Tuesday, July 4, 2017

Autism and Shutdown, Low Energy

I answer to my autism. I have to continually monitor my activities and interactions. I have to be aware and observation of the subtle signs of impending exhaustion, a heaviness in the limbs, mental sluggishness, slowed almost slurred speech and listlessness, not wanting to do anything but sit or lay down.
If I fail to acknowledge these first symptoms and continue my everyday activities, I fall into shutdown whereby I do the bare minimum of self care; I can sleep for over 20 hours a day for days at a time and I frequently fall into selective mutism and my verbal center stops working complete.

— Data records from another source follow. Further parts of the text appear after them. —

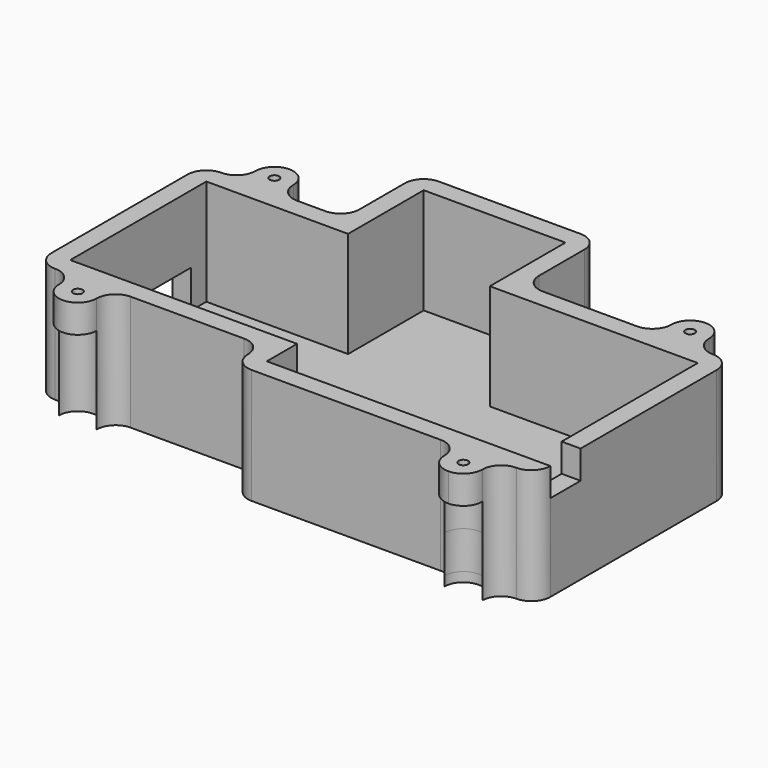
from build123d import *

# Parameters (mm, degrees)
F1_W      = 5
F1_H      = 10
F1_H_2    = 35
F2_DEPTH  = 2.5
F3_DEPTH  = 28
F5_D      = 2.5
F6_DEPTH  = 20.5
F7_DEPTH  = 18
F8_DEPTH  = 10
F9_R      = 1.25
F10_DEPTH = 23


with BuildPart() as f2:
    # F1 (on Top) → F2 (new body)
    with BuildSketch(Plane.XY):
        Polygon((0, 0), (70, 0), (70, 10), (70, 55), (15, 55), (15, 80), (-22.5, 80), (-22.5, 55), (-60, 55), (-60, 50), (-60, 15), (-60, 10), (0, 10), align=None)
        with BuildLine():
            Line((70, 10), (75, 10))
            Line((75, 10), (75, 55))
            ThreePointArc((75, 55), (73.5355339059, 58.5355339059), (70, 60))
            ThreePointArc((70, 60), (66.4644660941, 61.4644660941), (65, 65))
            ThreePointArc((65, 65), (60, 60), (55, 65))
            ThreePointArc((55, 65), (53.5355339059, 61.4644660941), (50, 60))
            Line((50, 60), (25, 60))
            ThreePointArc((25, 60), (21.4644660941, 61.4644660941), (20, 65))
            Line((20, 65), (20, 80))
            ThreePointArc((20, 80), (18.5355339059, 83.5355339059), (15, 85))
            Line((15, 85), (-22.5, 85))
            ThreePointArc((-22.5, 85), (-26.0355339059, 83.5355339059), (-27.5, 80))
            Line((-27.5, 80), (-27.5, 65))
            ThreePointArc((-27.5, 65), (-28.9644660941, 61.4644660941), (-32.5, 60))
            Line((-32.5, 60), (-40, 60))
            ThreePointArc((-40, 60), (-43.5355339059, 61.4644660941), (-45, 65))
            ThreePointArc((-45, 65), (-50, 60), (-55, 65))
            ThreePointArc((-55, 65), (-56.4644660941, 61.4644660941), (-60, 60))
            ThreePointArc((-60, 60), (-63.5355339059, 58.5355339059), (-65, 55))
            Line((-65, 55), (-65, 50))
            Line((-65, 50), (-60, 50))
            Line((-60, 50), (-60, 55))
            Line((-60, 55), (-22.5, 55))
            Line((-22.5, 55), (-22.5, 80))
            Line((-22.5, 80), (15, 80))
            Line((15, 80), (15, 55))
            Line((15, 55), (70, 55))
            Line((70, 55), (70, 10))
        make_face()
        with Locations((72.5, 5)):
            Rectangle(F1_W, F1_H)
        with BuildLine():
            ThreePointArc((-50, 70), (-53.5355339059, 68.5355339059), (-55, 65))
            ThreePointArc((-55, 65), (-50, 60), (-45, 65))
            ThreePointArc((-45, 65), (-46.4644660941, 68.5355339059), (-50, 70))
        make_face()
        with BuildLine():
            ThreePointArc((55, 65), (60, 60), (65, 65))
            ThreePointArc((65, 65), (63.5355339059, 68.5355339059), (60, 70))
            ThreePointArc((60, 70), (56.4644660941, 68.5355339059), (55, 65))
        make_face()
        with BuildLine():
            ThreePointArc((-45, 0), (-50, 5), (-55, 0))
            ThreePointArc((-55, 0), (-53.5355339059, -3.5355339059), (-50, -5))
            ThreePointArc((-50, -5), (-46.4644660941, -3.5355339059), (-45, 0))
        make_face()
        with Locations((-62.5, 32.5)):
            Rectangle(F1_W, F1_H_2)
        with BuildLine():
            ThreePointArc((70, -5), (73.5355339059, -3.5355339059), (75, 0))
            Line((75, 0), (70, 0))
            Line((70, 0), (0, 0))
            Line((0, 0), (0, 10))
            Line((0, 10), (-60, 10))
            Line((-60, 10), (-60, 15))
            Line((-60, 15), (-65, 15))
            Line((-65, 15), (-65, 10))
            ThreePointArc((-65, 10), (-63.5355339059, 6.4644660941), (-60, 5))
            ThreePointArc((-60, 5), (-56.4644660941, 3.5355339059), (-55, 0))
            ThreePointArc((-55, 0), (-50, 5), (-45, 0))
            ThreePointArc((-45, 0), (-43.5355339059, 3.5355339059), (-40, 5))
            Line((-40, 5), (-10, 5))
            ThreePointArc((-10, 5), (-6.4644660941, 3.5355339059), (-5, 0))
            ThreePointArc((-5, 0), (-3.5355339059, -3.5355339059), (0, -5))
            Line((0, -5), (50, -5))
            ThreePointArc((50, -5), (53.5355339059, -6.4644660941), (55, -10))
            ThreePointArc((55, -10), (56.4644660941, -6.4644660941), (60, -5))
            ThreePointArc((60, -5), (63.5355339059, -6.4644660941), (65, -10))
            ThreePointArc((65, -10), (66.4644660941, -6.4644660941), (70, -5))
        make_face()
    extrude(amount=-F2_DEPTH)

    # F1 (on Top) → F3 (join)
    with BuildSketch(Plane.XY):
        with BuildLine():
            ThreePointArc((70, -5), (73.5355339059, -3.5355339059), (75, 0))
            Line((75, 0), (70, 0))
            Line((70, 0), (0, 0))
            Line((0, 0), (0, 10))
            Line((0, 10), (-60, 10))
            Line((-60, 10), (-60, 15))
            Line((-60, 15), (-65, 15))
            Line((-65, 15), (-65, 10))
            ThreePointArc((-65, 10), (-63.5355339059, 6.4644660941), (-60, 5))
            ThreePointArc((-60, 5), (-56.4644660941, 3.5355339059), (-55, 0))
            ThreePointArc((-55, 0), (-50, 5), (-45, 0))
            ThreePointArc((-45, 0), (-43.5355339059, 3.5355339059), (-40, 5))
            Line((-40, 5), (-10, 5))
            ThreePointArc((-10, 5), (-6.4644660941, 3.5355339059), (-5, 0))
            ThreePointArc((-5, 0), (-3.5355339059, -3.5355339059), (0, -5))
            Line((0, -5), (50, -5))
            ThreePointArc((50, -5), (53.5355339059, -6.4644660941), (55, -10))
            ThreePointArc((55, -10), (56.4644660941, -6.4644660941), (60, -5))
            ThreePointArc((60, -5), (63.5355339059, -6.4644660941), (65, -10))
            ThreePointArc((65, -10), (66.4644660941, -6.4644660941), (70, -5))
        make_face()
        with BuildLine():
            Line((70, 10), (75, 10))
            Line((75, 10), (75, 55))
            ThreePointArc((75, 55), (73.5355339059, 58.5355339059), (70, 60))
            ThreePointArc((70, 60), (66.4644660941, 61.4644660941), (65, 65))
            ThreePointArc((65, 65), (60, 60), (55, 65))
            ThreePointArc((55, 65), (53.5355339059, 61.4644660941), (50, 60))
            Line((50, 60), (25, 60))
            ThreePointArc((25, 60), (21.4644660941, 61.4644660941), (20, 65))
            Line((20, 65), (20, 80))
            ThreePointArc((20, 80), (18.5355339059, 83.5355339059), (15, 85))
            Line((15, 85), (-22.5, 85))
            ThreePointArc((-22.5, 85), (-26.0355339059, 83.5355339059), (-27.5, 80))
            Line((-27.5, 80), (-27.5, 65))
            ThreePointArc((-27.5, 65), (-28.9644660941, 61.4644660941), (-32.5, 60))
            Line((-32.5, 60), (-40, 60))
            ThreePointArc((-40, 60), (-43.5355339059, 61.4644660941), (-45, 65))
            ThreePointArc((-45, 65), (-50, 60), (-55, 65))
            ThreePointArc((-55, 65), (-56.4644660941, 61.4644660941), (-60, 60))
            ThreePointArc((-60, 60), (-63.5355339059, 58.5355339059), (-65, 55))
            Line((-65, 55), (-65, 50))
            Line((-65, 50), (-60, 50))
            Line((-60, 50), (-60, 55))
            Line((-60, 55), (-22.5, 55))
            Line((-22.5, 55), (-22.5, 80))
            Line((-22.5, 80), (15, 80))
            Line((15, 80), (15, 55))
            Line((15, 55), (70, 55))
            Line((70, 55), (70, 10))
        make_face()
        with BuildLine():
            ThreePointArc((60, -15), (63.5355339059, -13.5355339059), (65, -10))
            ThreePointArc((65, -10), (63.5355339059, -6.4644660941), (60, -5))
            ThreePointArc((60, -5), (56.4644660941, -6.4644660941), (55, -10))
            ThreePointArc((55, -10), (56.4644660941, -13.5355339059), (60, -15))
        make_face()
        with BuildLine():
            ThreePointArc((55, 65), (60, 60), (65, 65))
            ThreePointArc((65, 65), (63.5355339059, 68.5355339059), (60, 70))
            ThreePointArc((60, 70), (56.4644660941, 68.5355339059), (55, 65))
        make_face()
        with Locations((-62.5, 32.5)):
            Rectangle(F1_W, F1_H_2)
        with BuildLine():
            ThreePointArc((-45, 0), (-50, 5), (-55, 0))
            ThreePointArc((-55, 0), (-53.5355339059, -3.5355339059), (-50, -5))
            ThreePointArc((-50, -5), (-46.4644660941, -3.5355339059), (-45, 0))
        make_face()
        with BuildLine():
            ThreePointArc((-50, 70), (-53.5355339059, 68.5355339059), (-55, 65))
            ThreePointArc((-55, 65), (-50, 60), (-45, 65))
            ThreePointArc((-45, 65), (-46.4644660941, 68.5355339059), (-50, 70))
        make_face()
    extrude(amount=F3_DEPTH)

    # F5 (through all)
    with Locations(Plane(origin=(0, 0, -2.5), x_dir=(1, 0, 0), z_dir=(0, 0, -1))):
        with Locations((-50, 0), (60, 10), (60, -65), (-50, -65)):
            Hole(F5_D / 2)

    # F1 (on Top) → F6 (join)
    with BuildSketch(Plane.XY):
        with Locations((72.5, 5)):
            Rectangle(F1_W, F1_H)
    extrude(amount=F6_DEPTH)

    # F0 (on Top) → F7 (join)
    with BuildSketch(Plane.XY):
        Polygon((15, 5), (15, 0), (35, 0), (35, 5), (35, 10), (15, 10), align=None)
        Polygon((35, 5), (35, 0), (70, 0), (70, 10), (35, 10), align=None)
    extrude(amount=F7_DEPTH)

    # F1 (on Top) → F8 (cut)
    with BuildSketch(Plane.XY):
        with BuildLine():
            ThreePointArc((60, -15), (63.5355339059, -13.5355339059), (65, -10))
            ThreePointArc((65, -10), (63.5355339059, -6.4644660941), (60, -5))
            ThreePointArc((60, -5), (56.4644660941, -6.4644660941), (55, -10))
            ThreePointArc((55, -10), (56.4644660941, -13.5355339059), (60, -15))
        make_face()
        with Locations((-62.5, 32.5)):
            Rectangle(F1_W, F1_H_2)
    extrude(amount=F8_DEPTH, mode=Mode.SUBTRACT)

    # F9 (on face) → F10 (cut)
    with BuildSketch(Plane(origin=(0, 0, -2.5), x_dir=(1, 0, 0), z_dir=(0, 0, -1))):
        with BuildLine():
            ThreePointArc((-55, 0), (-50, -5), (-45, 0))
            ThreePointArc((-45, 0), (-50, 5), (-55, 0))
        make_face()
        with Locations((-50, 0)):
            Circle(F9_R, mode=Mode.SUBTRACT)
        with BuildLine():
            ThreePointArc((-45, -65), (-50, -60), (-55, -65))
            ThreePointArc((-55, -65), (-50, -70), (-45, -65))
        make_face()
        with Locations((-50, -65)):
            Circle(F9_R, mode=Mode.SUBTRACT)
        with BuildLine():
            ThreePointArc((65, 10), (60, 15), (55, 10))
            ThreePointArc((55, 10), (60, 5), (65, 10))
        make_face()
        with BuildLine():
            ThreePointArc((55, -65), (60, -70), (65, -65))
            ThreePointArc((65, -65), (60, -60), (55, -65))
        make_face()
        with Locations((60, -65)):
            Circle(F9_R, mode=Mode.SUBTRACT)
    extrude(amount=-F10_DEPTH, mode=Mode.SUBTRACT)


solid = f2.part

Autistic Shutdown, AS, to me, feels like a waking coma. I'm not helpless within myself but I am helpless in my ability to communicate and interact externally. A low level prison without any bars and no one can see me, see my predicament.
I used to both fear and hate AS. I ran to doctors looking for answers to my days of fatigue. All tests come back normal. It wasn't until I found other autistics in fb groups that I realized AS is a very normal part of being an Autistic. Sigh. Just because it's normal doesn't make it any easy to acknowledge that I'm not always in control of my own life and what I want to do.
Big events, day trips, multiple appointments all have to be well thought out with lots of breaks and downtime. I need to keep track of every event and carefully schedule each appointment so that I'll have the maximum functionality, productivity and try and avoid the AS.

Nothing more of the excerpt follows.